§ What to do:
The word to look for is "VECTOR". Report every line of the entries below that has it.

BEGIN Material supplied

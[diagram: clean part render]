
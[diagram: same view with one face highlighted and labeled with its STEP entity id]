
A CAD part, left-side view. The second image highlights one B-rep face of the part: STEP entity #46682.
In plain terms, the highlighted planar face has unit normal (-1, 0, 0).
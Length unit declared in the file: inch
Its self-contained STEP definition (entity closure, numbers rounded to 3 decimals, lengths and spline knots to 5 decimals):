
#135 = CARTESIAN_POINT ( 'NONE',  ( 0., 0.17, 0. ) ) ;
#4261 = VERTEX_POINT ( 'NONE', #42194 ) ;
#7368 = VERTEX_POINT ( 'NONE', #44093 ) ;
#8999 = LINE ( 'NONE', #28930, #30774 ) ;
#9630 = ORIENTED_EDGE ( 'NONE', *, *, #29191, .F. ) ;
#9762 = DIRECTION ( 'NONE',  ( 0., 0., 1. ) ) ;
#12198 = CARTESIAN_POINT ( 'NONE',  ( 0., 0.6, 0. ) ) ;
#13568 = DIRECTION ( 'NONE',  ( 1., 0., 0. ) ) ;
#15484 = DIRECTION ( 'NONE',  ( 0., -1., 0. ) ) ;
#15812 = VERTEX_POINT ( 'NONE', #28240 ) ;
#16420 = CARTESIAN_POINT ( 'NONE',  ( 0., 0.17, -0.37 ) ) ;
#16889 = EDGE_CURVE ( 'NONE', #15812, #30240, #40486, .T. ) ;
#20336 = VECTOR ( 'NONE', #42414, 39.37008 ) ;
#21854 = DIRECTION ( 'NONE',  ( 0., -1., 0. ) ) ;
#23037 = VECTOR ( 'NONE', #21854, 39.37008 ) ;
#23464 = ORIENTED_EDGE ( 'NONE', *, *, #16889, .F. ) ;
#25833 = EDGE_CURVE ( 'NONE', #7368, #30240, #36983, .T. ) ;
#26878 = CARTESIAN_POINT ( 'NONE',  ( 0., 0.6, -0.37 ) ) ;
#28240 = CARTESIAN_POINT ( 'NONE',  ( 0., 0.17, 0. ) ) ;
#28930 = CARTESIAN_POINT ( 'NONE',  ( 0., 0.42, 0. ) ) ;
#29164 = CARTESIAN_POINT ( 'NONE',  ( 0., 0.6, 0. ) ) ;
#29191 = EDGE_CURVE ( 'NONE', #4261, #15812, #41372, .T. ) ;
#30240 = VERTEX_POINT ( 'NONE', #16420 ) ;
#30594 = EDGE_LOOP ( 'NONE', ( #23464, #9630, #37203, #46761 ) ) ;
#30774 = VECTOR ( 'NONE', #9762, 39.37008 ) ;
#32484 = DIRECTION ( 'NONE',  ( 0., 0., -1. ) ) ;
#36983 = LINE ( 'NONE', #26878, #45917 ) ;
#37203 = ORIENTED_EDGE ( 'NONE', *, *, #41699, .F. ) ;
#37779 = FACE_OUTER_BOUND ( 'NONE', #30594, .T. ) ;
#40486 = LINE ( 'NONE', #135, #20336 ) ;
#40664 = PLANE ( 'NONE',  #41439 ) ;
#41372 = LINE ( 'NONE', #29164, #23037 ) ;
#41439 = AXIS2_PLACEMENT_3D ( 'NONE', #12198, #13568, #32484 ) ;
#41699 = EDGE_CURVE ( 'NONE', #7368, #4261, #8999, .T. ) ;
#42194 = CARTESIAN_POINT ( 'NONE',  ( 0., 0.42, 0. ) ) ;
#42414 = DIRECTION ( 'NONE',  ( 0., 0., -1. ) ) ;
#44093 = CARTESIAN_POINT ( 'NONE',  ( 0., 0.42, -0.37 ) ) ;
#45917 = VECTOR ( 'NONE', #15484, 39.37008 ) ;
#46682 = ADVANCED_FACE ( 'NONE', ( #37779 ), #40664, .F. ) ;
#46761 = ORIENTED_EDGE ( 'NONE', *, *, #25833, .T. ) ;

END Material supplied

§ Written response:
#20336 = VECTOR ( 'NONE', #42414, 39.37008 ) ;
#23037 = VECTOR ( 'NONE', #21854, 39.37008 ) ;
#30774 = VECTOR ( 'NONE', #9762, 39.37008 ) ;
#45917 = VECTOR ( 'NONE', #15484, 39.37008 ) ;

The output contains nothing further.